Kafka At A Glance

Kafka cluster is a hub that you can plug into that can process millions of messages at a time.

It is a publish/subscribe mechanisms. The nodes of the Kafka cluster are known as brokers. Kafka can also be used for tracking, stream processing, decoupling of components of the databases etc.

Key terms

ProducerSends messages to Kafka
ConsumerRetrieves messages from Kafka
Stream ProcessorProducing messages into output streams
ConnectorConnecting topics to existing applications

Messages and Schemas

Message delivery can take at least one of the following methods:

  1. At least once: Producer can send the same message more than once. If the message fails or is not acknowledged, the producer can send the message again. The consumer may have to eliminate duplicate messages.
  2. At most once: Producer may send a message once and never retry. If the message fails or is not acknowledged, the producer will never send the message again.
  3. Exactly once: Even if a producer sends a message more than once, the consumer will only receive the message once.

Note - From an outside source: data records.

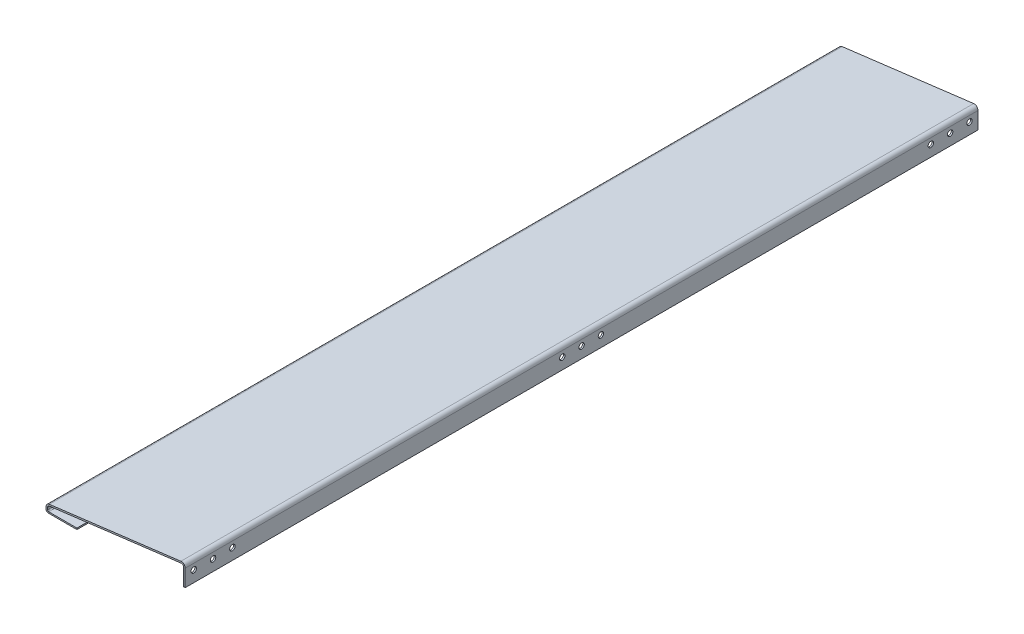
ISO-10303-21;
HEADER;
FILE_DESCRIPTION(('STEP AP214'),'2;1');
FILE_NAME('part.step','',(''),(''),'','','');
FILE_SCHEMA(('AUTOMOTIVE_DESIGN { 1 0 10303 214 1 1 1 1 }'));
ENDSEC;
DATA;
#1=APPLICATION_CONTEXT('core data for automotive mechanical design processes');
#2=APPLICATION_PROTOCOL_DEFINITION('international standard','automotive_design',2000,#1);
#3=PRODUCT_CONTEXT('',#1,'mechanical');
#4=PRODUCT('Part','Part','',(#3));
#5=PRODUCT_RELATED_PRODUCT_CATEGORY('part','',(#4));
#6=PRODUCT_DEFINITION_FORMATION('','',#4);
#7=PRODUCT_DEFINITION_CONTEXT('part definition',#1,'design');
#8=PRODUCT_DEFINITION('design','',#6,#7);
#9=PRODUCT_DEFINITION_SHAPE('','',#8);
#10=(LENGTH_UNIT() NAMED_UNIT(*) SI_UNIT(.MILLI.,.METRE.));
#11=(NAMED_UNIT(*) PLANE_ANGLE_UNIT() SI_UNIT($,.RADIAN.));
#12=(NAMED_UNIT(*) SI_UNIT($,.STERADIAN.) SOLID_ANGLE_UNIT());
#13=UNCERTAINTY_MEASURE_WITH_UNIT(LENGTH_MEASURE(1.E-05),#10,'distance_accuracy_value','');
#14=(GEOMETRIC_REPRESENTATION_CONTEXT(3) GLOBAL_UNCERTAINTY_ASSIGNED_CONTEXT((#13)) GLOBAL_UNIT_ASSIGNED_CONTEXT((#10,
#11,#12)) REPRESENTATION_CONTEXT('',''));
#15=CARTESIAN_POINT('',(0.,0.,0.));
#16=DIRECTION('',(0.,0.,1.));
#17=DIRECTION('',(1.,0.,0.));
#18=AXIS2_PLACEMENT_3D('',#15,#16,#17);
#19=CARTESIAN_POINT('',(-360.,-10.,2050.));
#20=DIRECTION('',(0.,1.,0.));
#21=DIRECTION('',(0.,0.,1.));
#22=AXIS2_PLACEMENT_3D('',#19,#20,#21);
#23=PLANE('',#22);
#24=DIRECTION('',(1.,0.,0.));
#25=VECTOR('',#24,1.);
#26=CARTESIAN_POINT('',(-360.,-10.,2050.));
#27=LINE('',#26,#25);
#28=CARTESIAN_POINT('',(-353.5,-10.,2050.));
#29=VERTEX_POINT('',#28);
#30=CARTESIAN_POINT('',(-280.,-10.,2050.));
#31=VERTEX_POINT('',#30);
#32=EDGE_CURVE('E282',#29,#31,#27,.T.);
#33=ORIENTED_EDGE('',*,*,#32,.F.);
#34=DIRECTION('',(0.,0.,-1.));
#35=VECTOR('',#34,1.);
#36=CARTESIAN_POINT('',(-353.5,-10.,2050.));
#37=LINE('',#36,#35);
#38=CARTESIAN_POINT('',(-353.5,-10.,0.));
#39=VERTEX_POINT('',#38);
#40=EDGE_CURVE('E153',#29,#39,#37,.T.);
#41=ORIENTED_EDGE('',*,*,#40,.T.);
#42=DIRECTION('',(1.,0.,0.));
#43=VECTOR('',#42,1.);
#44=CARTESIAN_POINT('',(-360.,-10.,0.));
#45=LINE('',#44,#43);
#46=CARTESIAN_POINT('',(-280.,-10.,0.));
#47=VERTEX_POINT('',#46);
#48=EDGE_CURVE('E147',#39,#47,#45,.T.);
#49=ORIENTED_EDGE('',*,*,#48,.T.);
#50=DIRECTION('',(0.,0.,1.));
#51=VECTOR('',#50,1.);
#52=CARTESIAN_POINT('',(-280.,-10.,0.));
#53=LINE('',#52,#51);
#54=EDGE_CURVE('E150',#47,#31,#53,.T.);
#55=ORIENTED_EDGE('',*,*,#54,.T.);
#56=EDGE_LOOP('',(#33,#41,#49,#55));
#57=FACE_BOUND('',#56,.T.);
#58=ADVANCED_FACE('F34',(#57),#23,.F.);
#59=CARTESIAN_POINT('',(-300.,-10.,2050.));
#60=DIRECTION('',(-0.0333148302326385,0.999444906979154,0.));
#61=DIRECTION('',(-0.999444906979154,-0.0333148302326385,0.));
#62=AXIS2_PLACEMENT_3D('',#59,#60,#61);
#63=PLANE('',#62);
#64=DIRECTION('',(0.999444906979154,0.0333148302326385,0.));
#65=VECTOR('',#64,1.);
#66=CARTESIAN_POINT('',(-300.,-10.,2050.));
#67=LINE('',#66,#65);
#68=CARTESIAN_POINT('',(-4.,-0.133333333333334,2050.));
#69=VERTEX_POINT('',#68);
#70=CARTESIAN_POINT('',(0.,0.,2050.));
#71=VERTEX_POINT('',#70);
#72=EDGE_CURVE('E155',#69,#71,#67,.T.);
#73=ORIENTED_EDGE('',*,*,#72,.F.);
#74=DIRECTION('',(0.,0.,-1.));
#75=VECTOR('',#74,1.);
#76=CARTESIAN_POINT('',(-4.,-0.133333333333334,2050.));
#77=LINE('',#76,#75);
#78=CARTESIAN_POINT('',(-4.,-0.133333333333334,0.));
#79=VERTEX_POINT('',#78);
#80=EDGE_CURVE('E236',#69,#79,#77,.T.);
#81=ORIENTED_EDGE('',*,*,#80,.T.);
#82=DIRECTION('',(0.999444906979154,0.0333148302326385,0.));
#83=VECTOR('',#82,1.);
#84=CARTESIAN_POINT('',(-300.,-10.,0.));
#85=LINE('',#84,#83);
#86=CARTESIAN_POINT('',(0.,0.,0.));
#87=VERTEX_POINT('',#86);
#88=EDGE_CURVE('E249',#79,#87,#85,.T.);
#89=ORIENTED_EDGE('',*,*,#88,.T.);
#90=DIRECTION('',(0.,0.,-1.));
#91=VECTOR('',#90,1.);
#92=CARTESIAN_POINT('',(0.,0.,2050.));
#93=LINE('',#92,#91);
#94=EDGE_CURVE('E306',#71,#87,#93,.T.);
#95=ORIENTED_EDGE('',*,*,#94,.F.);
#96=EDGE_LOOP('',(#73,#81,#89,#95));
#97=FACE_BOUND('',#96,.T.);
#98=ADVANCED_FACE('F357',(#97),#63,.F.);
#99=CARTESIAN_POINT('',(0.,0.,2050.));
#100=DIRECTION('',(-1.,0.,0.));
#101=DIRECTION('',(0.,0.,1.));
#102=AXIS2_PLACEMENT_3D('',#99,#100,#101);
#103=PLANE('',#102);
#104=CARTESIAN_POINT('',(0.,28.6721778146268,2028.));
#105=DIRECTION('',(1.,0.,0.));
#106=DIRECTION('',(0.,0.,-1.));
#107=AXIS2_PLACEMENT_3D('',#104,#105,#106);
#108=CIRCLE('',#107,6.99999999999994);
#109=CARTESIAN_POINT('',(0.,28.6721778146268,2021.));
#110=VERTEX_POINT('',#109);
#111=EDGE_CURVE('E182',#110,#110,#108,.T.);
#112=ORIENTED_EDGE('',*,*,#111,.F.);
#113=EDGE_LOOP('',(#112));
#114=FACE_BOUND('',#113,.T.);
#115=CARTESIAN_POINT('',(0.,28.6721778146271,21.9999999999998));
#116=DIRECTION('',(1.,0.,0.));
#117=DIRECTION('',(0.,0.,1.));
#118=AXIS2_PLACEMENT_3D('',#115,#116,#117);
#119=CIRCLE('',#118,6.99999999999994);
#120=CARTESIAN_POINT('',(0.,28.6721778146271,28.9999999999997));
#121=VERTEX_POINT('',#120);
#122=EDGE_CURVE('E202',#121,#121,#119,.T.);
#123=ORIENTED_EDGE('',*,*,#122,.F.);
#124=EDGE_LOOP('',(#123));
#125=FACE_BOUND('',#124,.T.);
#126=CARTESIAN_POINT('',(0.,28.6721778146268,1025.));
#127=DIRECTION('',(1.,0.,0.));
#128=DIRECTION('',(0.,0.,-1.));
#129=AXIS2_PLACEMENT_3D('',#126,#127,#128);
#130=CIRCLE('',#129,6.99999999999993);
#131=CARTESIAN_POINT('',(0.,28.6721778146268,1018.));
#132=VERTEX_POINT('',#131);
#133=EDGE_CURVE('E203',#132,#132,#130,.T.);
#134=ORIENTED_EDGE('',*,*,#133,.F.);
#135=EDGE_LOOP('',(#134));
#136=FACE_BOUND('',#135,.T.);
#137=CARTESIAN_POINT('',(0.,28.6721778146268,1075.));
#138=DIRECTION('',(1.,0.,0.));
#139=DIRECTION('',(0.,0.,-1.));
#140=AXIS2_PLACEMENT_3D('',#137,#138,#139);
#141=CIRCLE('',#140,6.99999999999993);
#142=CARTESIAN_POINT('',(0.,28.6721778146268,1068.));
#143=VERTEX_POINT('',#142);
#144=EDGE_CURVE('E190',#143,#143,#141,.T.);
#145=ORIENTED_EDGE('',*,*,#144,.F.);
#146=EDGE_LOOP('',(#145));
#147=FACE_BOUND('',#146,.T.);
#148=CARTESIAN_POINT('',(0.,28.6721778146268,975.));
#149=DIRECTION('',(1.,0.,0.));
#150=DIRECTION('',(0.,0.,-1.));
#151=AXIS2_PLACEMENT_3D('',#148,#149,#150);
#152=CIRCLE('',#151,7.00000000000004);
#153=CARTESIAN_POINT('',(0.,28.6721778146268,968.));
#154=VERTEX_POINT('',#153);
#155=EDGE_CURVE('E191',#154,#154,#152,.T.);
#156=ORIENTED_EDGE('',*,*,#155,.F.);
#157=EDGE_LOOP('',(#156));
#158=FACE_BOUND('',#157,.T.);
#159=CARTESIAN_POINT('',(0.,28.672177814627,71.9999999999998));
#160=DIRECTION('',(1.,0.,0.));
#161=DIRECTION('',(0.,0.,1.));
#162=AXIS2_PLACEMENT_3D('',#159,#160,#161);
#163=CIRCLE('',#162,6.99999999999993);
#164=CARTESIAN_POINT('',(0.,28.672177814627,78.9999999999998));
#165=VERTEX_POINT('',#164);
#166=EDGE_CURVE('E226',#165,#165,#163,.T.);
#167=ORIENTED_EDGE('',*,*,#166,.F.);
#168=EDGE_LOOP('',(#167));
#169=FACE_BOUND('',#168,.T.);
#170=CARTESIAN_POINT('',(0.,28.672177814627,122.));
#171=DIRECTION('',(1.,0.,0.));
#172=DIRECTION('',(0.,0.,1.));
#173=AXIS2_PLACEMENT_3D('',#170,#171,#172);
#174=CIRCLE('',#173,6.99999999999993);
#175=CARTESIAN_POINT('',(0.,28.672177814627,129.));
#176=VERTEX_POINT('',#175);
#177=EDGE_CURVE('E220',#176,#176,#174,.T.);
#178=ORIENTED_EDGE('',*,*,#177,.F.);
#179=EDGE_LOOP('',(#178));
#180=FACE_BOUND('',#179,.T.);
#181=CARTESIAN_POINT('',(0.,28.6721778146268,1928.));
#182=DIRECTION('',(1.,0.,0.));
#183=DIRECTION('',(0.,0.,-1.));
#184=AXIS2_PLACEMENT_3D('',#181,#182,#183);
#185=CIRCLE('',#184,6.99999999999993);
#186=CARTESIAN_POINT('',(0.,28.6721778146268,1921.));
#187=VERTEX_POINT('',#186);
#188=EDGE_CURVE('E214',#187,#187,#185,.T.);
#189=ORIENTED_EDGE('',*,*,#188,.F.);
#190=EDGE_LOOP('',(#189));
#191=FACE_BOUND('',#190,.T.);
#192=CARTESIAN_POINT('',(0.,28.6721778146268,1978.));
#193=DIRECTION('',(1.,0.,0.));
#194=DIRECTION('',(0.,0.,-1.));
#195=AXIS2_PLACEMENT_3D('',#192,#193,#194);
#196=CIRCLE('',#195,6.99999999999993);
#197=CARTESIAN_POINT('',(0.,28.6721778146268,1971.));
#198=VERTEX_POINT('',#197);
#199=EDGE_CURVE('E183',#198,#198,#196,.T.);
#200=ORIENTED_EDGE('',*,*,#199,.F.);
#201=EDGE_LOOP('',(#200));
#202=FACE_BOUND('',#201,.T.);
#203=DIRECTION('',(0.,1.,0.));
#204=VECTOR('',#203,1.);
#205=CARTESIAN_POINT('',(0.,0.,0.));
#206=LINE('',#205,#204);
#207=CARTESIAN_POINT('',(0.,43.6721778146268,0.));
#208=VERTEX_POINT('',#207);
#209=EDGE_CURVE('E286',#87,#208,#206,.T.);
#210=ORIENTED_EDGE('',*,*,#209,.T.);
#211=DIRECTION('',(0.,0.,-1.));
#212=VECTOR('',#211,1.);
#213=CARTESIAN_POINT('',(0.,43.6721778146268,2050.));
#214=LINE('',#213,#212);
#215=CARTESIAN_POINT('',(0.,43.6721778146268,2050.));
#216=VERTEX_POINT('',#215);
#217=EDGE_CURVE('E303',#216,#208,#214,.T.);
#218=ORIENTED_EDGE('',*,*,#217,.F.);
#219=DIRECTION('',(0.,1.,0.));
#220=VECTOR('',#219,1.);
#221=CARTESIAN_POINT('',(0.,0.,2050.));
#222=LINE('',#221,#220);
#223=EDGE_CURVE('E272',#71,#216,#222,.T.);
#224=ORIENTED_EDGE('',*,*,#223,.F.);
#225=ORIENTED_EDGE('',*,*,#94,.T.);
#226=EDGE_LOOP('',(#210,#218,#224,#225));
#227=FACE_BOUND('',#226,.T.);
#228=ADVANCED_FACE('F361',(#114,#125,#136,#147,#158,#169,#180,#191,#202,#227),#103,.F.);
#229=CARTESIAN_POINT('',(-10.,43.6721778146268,2050.));
#230=DIRECTION('',(0.,0.,-1.));
#231=DIRECTION('',(-1.,0.,0.));
#232=AXIS2_PLACEMENT_3D('',#229,#230,#231);
#233=CYLINDRICAL_SURFACE('',#232,10.);
#234=CARTESIAN_POINT('',(-10.,43.6721778146268,0.));
#235=DIRECTION('',(0.,0.,1.));
#236=DIRECTION('',(1.,0.,0.));
#237=AXIS2_PLACEMENT_3D('',#234,#235,#236);
#238=CIRCLE('',#237,10.);
#239=CARTESIAN_POINT('',(-11.2403473458921,53.5949565817635,0.));
#240=VERTEX_POINT('',#239);
#241=EDGE_CURVE('E288',#208,#240,#238,.T.);
#242=ORIENTED_EDGE('',*,*,#241,.T.);
#243=DIRECTION('',(0.,0.,-1.));
#244=VECTOR('',#243,1.);
#245=CARTESIAN_POINT('',(-11.2403473458921,53.5949565817635,2050.));
#246=LINE('',#245,#244);
#247=CARTESIAN_POINT('',(-11.2403473458921,53.5949565817635,2050.));
#248=VERTEX_POINT('',#247);
#249=EDGE_CURVE('E300',#248,#240,#246,.T.);
#250=ORIENTED_EDGE('',*,*,#249,.F.);
#251=CARTESIAN_POINT('',(-10.,43.6721778146268,2050.));
#252=DIRECTION('',(0.,0.,1.));
#253=DIRECTION('',(1.,0.,0.));
#254=AXIS2_PLACEMENT_3D('',#251,#252,#253);
#255=CIRCLE('',#254,10.);
#256=EDGE_CURVE('E274',#216,#248,#255,.T.);
#257=ORIENTED_EDGE('',*,*,#256,.F.);
#258=ORIENTED_EDGE('',*,*,#217,.T.);
#259=EDGE_LOOP('',(#242,#250,#257,#258));
#260=FACE_BOUND('',#259,.T.);
#261=ADVANCED_FACE('F365',(#260),#233,.T.);
#262=CARTESIAN_POINT('',(-11.2403473458921,53.5949565817635,2050.));
#263=DIRECTION('',(0.124034734589208,-0.992277876713668,0.));
#264=DIRECTION('',(0.992277876713668,0.124034734589208,0.));
#265=AXIS2_PLACEMENT_3D('',#262,#263,#264);
#266=PLANE('',#265);
#267=DIRECTION('',(-0.992277876713668,-0.124034734589208,0.));
#268=VECTOR('',#267,1.);
#269=CARTESIAN_POINT('',(-11.2403473458921,53.5949565817635,0.));
#270=LINE('',#269,#268);
#271=CARTESIAN_POINT('',(-351.240347345892,11.0949565817635,0.));
#272=VERTEX_POINT('',#271);
#273=EDGE_CURVE('E290',#240,#272,#270,.T.);
#274=ORIENTED_EDGE('',*,*,#273,.T.);
#275=DIRECTION('',(0.,0.,-1.));
#276=VECTOR('',#275,1.);
#277=CARTESIAN_POINT('',(-351.240347345892,11.0949565817635,2050.));
#278=LINE('',#277,#276);
#279=CARTESIAN_POINT('',(-351.240347345892,11.0949565817635,2050.));
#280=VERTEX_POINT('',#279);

Kafka can process millions of messages per second. Different consumers may access the same message. This allows you to move away from batch processing and scale infinitely. Another benefit is being able to utilize the data in real time versus keeping it sitting on spinning disk.

Topics and Partitions

Messages in Kafka are called Topics. Topics are divided into partitions, with each message receiving an incremental ID called the offset.

When a message is written:

  • Kept for one week (by default)
  • Cannot be altered or changed in any way
  • ID will increment infinitely (never start over at zero)
  • Randomly assigned to a partition, unless key is provided

Producers and Consumers

A producer is a client that writes data to the cluster in order to eventually get consumed.

Consumer is the application that consumes or reads the messages. The consumer subscribes to one or more topics and reads the messages in the order in which they were produced.

  • Acks: Producers can choose whether to receive a confirmation of delivery by setting "acks" (acknowledgements)
  • Key: Producers specify a key, indicating that a message will go to the same partition every time
  • Consumer Group: To ensure multiple consumers aren't reading the same message, consumer groups map reads to consumers

Brokers and Clusters

A broker receives messages from the producer, assigns offsets, and stores the messages on disk.

Brokers are designed to operate in a cluster, in which one broker is assigned the controller.

Brokers will also replicate data across brokers in order to create fault tolerance.